• **Description of the task**:
Starting at the first entry below, repeat all the data word for word and drop the pictures.

• **Source records**:

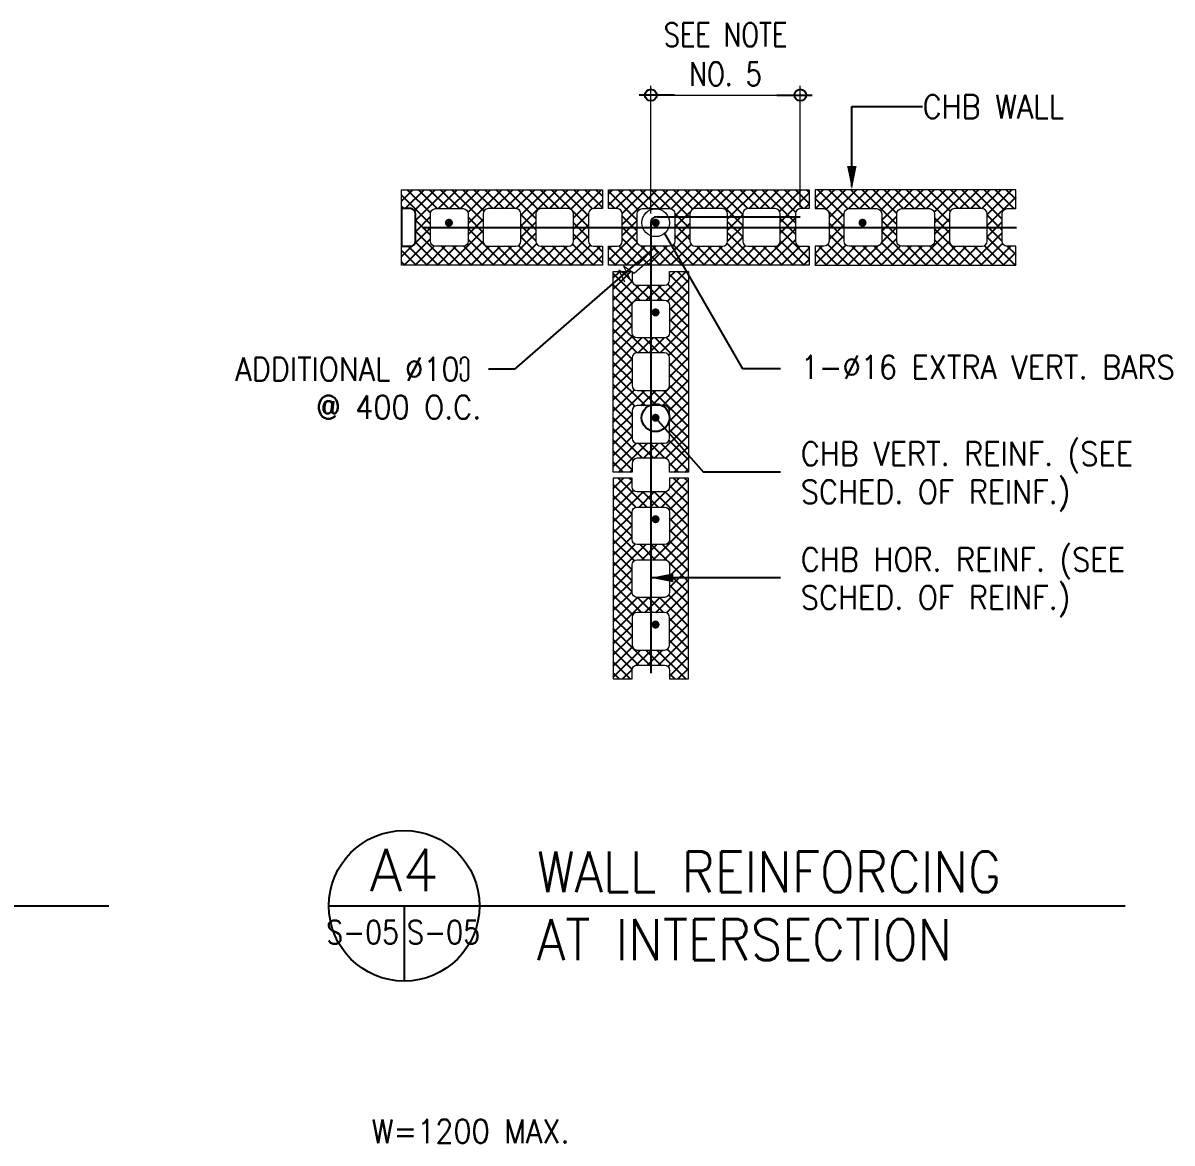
# Model space of a CAD drawing. Header units: millimetres. Extents: x 0 to 38473, y 0 to 21969.
# Drawn here: x 15321 to 20265, y 16462 to 21283 of the extents above; entities that cross this region are included whole.
import ezdxf
from ezdxf.enums import TextEntityAlignment as Align

# ---------------------------------------------------------------- set-up
doc = ezdxf.new("R2010")
doc.units = ezdxf.units.MM
for name, color, linetype, lineweight in [('2Y', 3, 'Continuous', 9), ('4C', 4, 'Continuous', 9), ('ST-DIM_E', 250, 'Continuous', 13)]:
    doc.layers.add(name, color=color, linetype=linetype, lineweight=lineweight)
for name, color, linetype in [('6M', 6, 'Continuous'), ('8G', 8, 'Continuous'), ('DIM', 8, 'Continuous'), ('SHE', 8, 'Continuous'), ('TG', 3, 'Continuous'), ('title', 3, 'Continuous')]:
    doc.layers.add(name, color=color, linetype=linetype)
doc.styles.add('100CL', font='romans.shx', dxfattribs={"height": 250})
doc.styles.add('175CL', font='ROMANS.shx', dxfattribs={"height": 0.45})
doc.styles.add('ROMANS', font='romans.shx', dxfattribs={"width": 0.8})
doc.dimstyles.new('DIM150', dxfattribs={"dimscale": 150, "dimtxt": 2.5, "dimasz": 2.5, "dimexe": 1, "dimexo": 1, "dimgap": 1, "dimtad": 1, "dimdec": 0, "dimzin": 0, "dimdsep": 46, "dimtxsty": 'ROMANS', "dimblk": 'DIM1', "dimcen": 1, "dimclrd": 8, "dimclre": 8, "dimclrt": 3, "dimadec": 0, "dimazin": 0, "dimtfac": 1, "dimtdec": 0, "dimtofl": 0, "dimtmove": 0, "dimatfit": 3, "dimfxl": 1, "dimtolj": 1, "dimtzin": 0, "dimarcsym": 0})

# ---------------------------------------------------------------- blocks, each defined once
blk = doc.blocks.new('*X14')
at = {"color": 0}
for p, q in [((34.424, 51.218), (34.604, 51.398)), ((34.424, 51.394), (34.428, 51.398)), ((34.884, 50.853), (34.424, 51.313)), ((34.481, 51.098), (34.781, 51.398)), ((34.885, 51.029), (34.515, 51.398)), ((34.627, 51.067), (34.958, 51.398)), ((34.644, 50.907), (35.135, 51.398)), ((34.992, 51.098), (34.692, 51.398)), ((35.169, 51.098), (34.869, 51.398)), ((35.011, 51.098), (35.311, 51.398)), ((35.346, 51.098), (35.046, 51.398)), ((35.188, 51.098), (35.488, 51.398)), ((35.724, 50.897), (35.222, 51.398)), ((35.365, 51.098), (35.665, 51.398)), ((35.736, 51.061), (35.399, 51.398)), ((35.481, 51.038), (35.842, 51.398)), ((35.484, 50.863), (36.019, 51.398)), ((35.876, 51.098), (35.576, 51.398)), ((36.053, 51.098), (35.753, 51.398)), ((35.895, 51.098), (36.195, 51.398)), ((36.23, 51.098), (35.93, 51.398)), ((36.072, 51.098), (36.372, 51.398)), ((36.564, 50.941), (36.106, 51.398)), ((36.249, 51.098), (36.549, 51.398)), ((36.598, 51.084), (36.283, 51.398)), ((36.324, 50.82), (36.902, 51.398)), ((36.324, 50.996), (36.726, 51.398)), ((36.76, 51.098), (36.46, 51.398)), ((36.937, 51.098), (36.637, 51.398)), ((36.779, 51.098), (37.079, 51.398)), ((37.124, 51.087), (36.813, 51.398)), ((36.956, 51.098), (37.256, 51.398)), ((37.404, 50.984), (36.99, 51.398)), ((37.123, 51.088), (37.433, 51.398)), ((37.164, 50.952), (37.61, 51.398)), ((37.468, 51.097), (37.167, 51.398)), ((37.624, 51.118), (37.344, 51.398)), ((37.624, 51.295), (37.521, 51.398)), ((37.72, 51.155), (37.963, 51.398)), ((37.72, 51.332), (37.786, 51.398)), ((38.18, 50.916), (37.72, 51.376)), ((37.84, 51.098), (38.14, 51.398)), ((38.2, 51.072), (37.874, 51.398)), ((37.94, 50.845), (38.493, 51.398)), ((37.94, 51.021), (38.317, 51.398)), ((38.351, 51.098), (38.051, 51.398)), ((38.528, 51.098), (38.228, 51.398)), ((38.37, 51.098), (38.67, 51.398)), ((38.705, 51.098), (38.404, 51.398)), ((38.547, 51.098), (38.847, 51.398)), ((39.02, 50.959), (38.581, 51.398)), ((38.721, 51.095), (39.024, 51.398)), ((39.066, 51.09), (38.758, 51.398)), ((38.78, 50.977), (39.201, 51.398)), ((39.235, 51.098), (38.935, 51.398)), ((39.073, 51.093), (39.377, 51.398)), ((39.411, 51.098), (39.111, 51.398)), ((39.254, 51.098), (39.554, 51.398)), ((39.86, 50.827), (39.288, 51.398)), ((39.431, 51.098), (39.731, 51.398)), ((39.86, 51.003), (39.465, 51.398)), ((39.59, 51.081), (39.908, 51.398)), ((39.62, 50.934), (40.084, 51.398)), ((39.942, 51.098), (39.642, 51.398)), ((40.119, 51.098), (39.819, 51.398)), ((39.961, 51.098), (40.261, 51.398)), ((40.295, 51.098), (39.995, 51.398)), ((40.138, 51.098), (40.438, 51.398)), ((40.7, 50.87), (40.172, 51.398)), ((40.315, 51.098), (40.615, 51.398)), ((40.704, 51.043), (40.349, 51.398)), ((40.45, 51.057), (40.792, 51.398)), ((40.46, 50.89), (40.92, 51.35)), ((40.826, 51.098), (40.526, 51.398)), ((40.92, 51.181), (40.702, 51.398)), ((40.92, 51.358), (40.879, 51.398)), ((41.016, 51.269), (41.145, 51.398)), ((41.022, 51.098), (41.322, 51.398)), ((41.476, 50.978), (41.056, 51.398)), ((41.191, 51.09), (41.499, 51.398)), ((41.535, 51.096), (41.233, 51.398)), ((41.236, 50.959), (41.675, 51.398)), ((41.71, 51.098), (41.41, 51.398)), ((41.552, 51.098), (41.852, 51.398)), ((41.886, 51.098), (41.586, 51.398)), ((41.729, 51.098), (42.029, 51.398)), ((42.316, 50.845), (41.763, 51.398)), ((41.906, 51.098), (42.206, 51.398)), ((42.316, 51.022), (41.94, 51.398)), ((42.056, 51.071), (42.383, 51.398)), ((42.076, 50.915), (42.559, 51.398)), ((42.417, 51.098), (42.117, 51.398)), ((42.593, 51.098), (42.293, 51.398)), ((42.436, 51.098), (42.736, 51.398)), ((42.77, 51.098), (42.47, 51.398)), ((42.613, 51.098), (42.913, 51.398)), ((43.156, 50.889), (42.647, 51.398)), ((42.79, 51.098), (43.09, 51.398)), ((43.166, 51.056), (42.824, 51.398)), ((42.912, 51.043), (43.266, 51.398)), ((42.916, 50.871), (43.443, 51.398)), ((43.301, 51.098), (43.001, 51.398)), ((43.477, 51.098), (43.177, 51.398)), ((43.32, 51.098), (43.62, 51.398)), ((43.654, 51.098), (43.354, 51.398)), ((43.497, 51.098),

• **Task result**:
# Model space of a CAD drawing. Header units: millimetres. Extents: x 0 to 38473, y 0 to 21969.
# Drawn here: x 15321 to 20265, y 16462 to 21283 of the extents above; entities that cross this region are included whole.
import ezdxf
from ezdxf.enums import TextEntityAlignment as Align

# ---------------------------------------------------------------- set-up
doc = ezdxf.new("R2010")
doc.units = ezdxf.units.MM
for name, color, linetype, lineweight in [('2Y', 3, 'Continuous', 9), ('4C', 4, 'Continuous', 9), ('ST-DIM_E', 250, 'Continuous', 13)]:
    doc.layers.add(name, color=color, linetype=linetype, lineweight=lineweight)
for name, color, linetype in [('6M', 6, 'Continuous'), ('8G', 8, 'Continuous'), ('DIM', 8, 'Continuous'), ('SHE', 8, 'Continuous'), ('TG', 3, 'Continuous'), ('title', 3, 'Continuous')]:
    doc.layers.add(name, color=color, linetype=linetype)
doc.styles.add('100CL', font='romans.shx', dxfattribs={"height": 250})
doc.styles.add('175CL', font='ROMANS.shx', dxfattribs={"height": 0.45})
doc.styles.add('ROMANS', font='romans.shx', dxfattribs={"width": 0.8})
doc.dimstyles.new('DIM150', dxfattribs={"dimscale": 150, "dimtxt": 2.5, "dimasz": 2.5, "dimexe": 1, "dimexo": 1, "dimgap": 1, "dimtad": 1, "dimdec": 0, "dimzin": 0, "dimdsep": 46, "dimtxsty": 'ROMANS', "dimblk": 'DIM1', "dimcen": 1, "dimclrd": 8, "dimclre": 8, "dimclrt": 3, "dimadec": 0, "dimazin": 0, "dimtfac": 1, "dimtdec": 0, "dimtofl": 0, "dimtmove": 0, "dimatfit": 3, "dimfxl": 1, "dimtolj": 1, "dimtzin": 0, "dimarcsym": 0})

# ---------------------------------------------------------------- blocks, each defined once
blk = doc.blocks.new('*X14')
at = {"color": 0}
for p, q in [((34.424, 51.218), (34.604, 51.398)), ((34.424, 51.394), (34.428, 51.398)), ((34.884, 50.853), (34.424, 51.313)), ((34.481, 51.098), (34.781, 51.398)), ((34.885, 51.029), (34.515, 51.398)), ((34.627, 51.067), (34.958, 51.398)), ((34.644, 50.907), (35.135, 51.398)), ((34.992, 51.098), (34.692, 51.398)), ((35.169, 51.098), (34.869, 51.398)), ((35.011, 51.098), (35.311, 51.398)), ((35.346, 51.098), (35.046, 51.398)), ((35.188, 51.098), (35.488, 51.398)), ((35.724, 50.897), (35.222, 51.398)), ((35.365, 51.098), (35.665, 51.398)), ((35.736, 51.061), (35.399, 51.398)), ((35.481, 51.038), (35.842, 51.398)), ((35.484, 50.863), (36.019, 51.398)), ((35.876, 51.098), (35.576, 51.398)), ((36.053, 51.098), (35.753, 51.398)), ((35.895, 51.098), (36.195, 51.398)), ((36.23, 51.098), (35.93, 51.398)), ((36.072, 51.098), (36.372, 51.398)), ((36.564, 50.941), (36.106, 51.398)), ((36.249, 51.098), (36.549, 51.398)), ((36.598, 51.084), (36.283, 51.398)), ((36.324, 50.82), (36.902, 51.398)), ((36.324, 50.996), (36.726, 51.398)), ((36.76, 51.098), (36.46, 51.398)), ((36.937, 51.098), (36.637, 51.398)), ((36.779, 51.098), (37.079, 51.398)), ((37.124, 51.087), (36.813, 51.398)), ((36.956, 51.098), (37.256, 51.398)), ((37.404, 50.984), (36.99, 51.398)), ((37.123, 51.088), (37.433, 51.398)), ((37.164, 50.952), (37.61, 51.398)), ((37.468, 51.097), (37.167, 51.398)), ((37.624, 51.118), (37.344, 51.398)), ((37.624, 51.295), (37.521, 51.398)), ((37.72, 51.155), (37.963, 51.398)), ((37.72, 51.332), (37.786, 51.398)), ((38.18, 50.916), (37.72, 51.376)), ((37.84, 51.098), (38.14, 51.398)), ((38.2, 51.072), (37.874, 51.398)), ((37.94, 50.845), (38.493, 51.398)), ((37.94, 51.021), (38.317, 51.398)), ((38.351, 51.098), (38.051, 51.398)), ((38.528, 51.098), (38.228, 51.398)), ((38.37, 51.098), (38.67, 51.398)), ((38.705, 51.098), (38.404, 51.398)), ((38.547, 51.098), (38.847, 51.398)), ((39.02, 50.959), (38.581, 51.398)), ((38.721, 51.095), (39.024, 51.398)), ((39.066, 51.09), (38.758, 51.398)), ((38.78, 50.977), (39.201, 51.398)), ((39.235, 51.098), (38.935, 51.398)), ((39.073, 51.093), (39.377, 51.398)), ((39.411, 51.098), (39.111, 51.398)), ((39.254, 51.098), (39.554, 51.398)), ((39.86, 50.827), (39.288, 51.398)), ((39.431, 51.098), (39.731, 51.398)), ((39.86, 51.003), (39.465, 51.398)), ((39.59, 51.081), (39.908, 51.398)), ((39.62, 50.934), (40.084, 51.398)), ((39.942, 51.098), (39.642, 51.398)), ((40.119, 51.098), (39.819, 51.398)), ((39.961, 51.098), (40.261, 51.398)), ((40.295, 51.098), (39.995, 51.398)), ((40.138, 51.098), (40.438, 51.398)), ((40.7, 50.87), (40.172, 51.398)), ((40.315, 51.098), (40.615, 51.398)), ((40.704, 51.043), (40.349, 51.398)), ((40.45, 51.057), (40.792, 51.398)), ((40.46, 50.89), (40.92, 51.35)), ((40.826, 51.098), (40.526, 51.398)), ((40.92, 51.181), (40.702, 51.398)), ((40.92, 51.358), (40.879, 51.398)), ((41.016, 51.269), (41.145, 51.398)), ((41.022, 51.098), (41.322, 51.398)), ((41.476, 50.978), (41.056, 51.398)), ((41.191, 51.09), (41.499, 51.398)), ((41.535, 51.096), (41.233, 51.398)), ((41.236, 50.959), (41.675, 51.398)), ((41.71, 51.098), (41.41, 51.398)), ((41.552, 51.098), (41.852, 51.398)), ((41.886, 51.098), (41.586, 51.398)), ((41.729, 51.098), (42.029, 51.398)), ((42.316, 50.845), (41.763, 51.398)), ((41.906, 51.098), (42.206, 51.398)), ((42.316, 51.022), (41.94, 51.398)), ((42.056, 51.071), (42.383, 51.398)), ((42.076, 50.915), (42.559, 51.398)), ((42.417, 51.098), (42.117, 51.398)), ((42.593, 51.098), (42.293, 51.398)), ((42.436, 51.098), (42.736, 51.398)), ((42.77, 51.098), (42.47, 51.398)), ((42.613, 51.098), (42.913, 51.398)), ((43.156, 50.889), (42.647, 51.398)), ((42.79, 51.098), (43.09, 51.398)), ((43.166, 51.056), (42.824, 51.398)), ((42.912, 51.043), (43.266, 51.398)), ((42.916, 50.871), (43.443, 51.398)), ((43.301, 51.098), (43.001, 51.398)), ((43.477, 51.098), (43.177, 51.398)), ((43.32, 51.098), (43.62, 51.398)), ((43.654, 51.098), (43.354, 51.398)), ((43.497, 51.098),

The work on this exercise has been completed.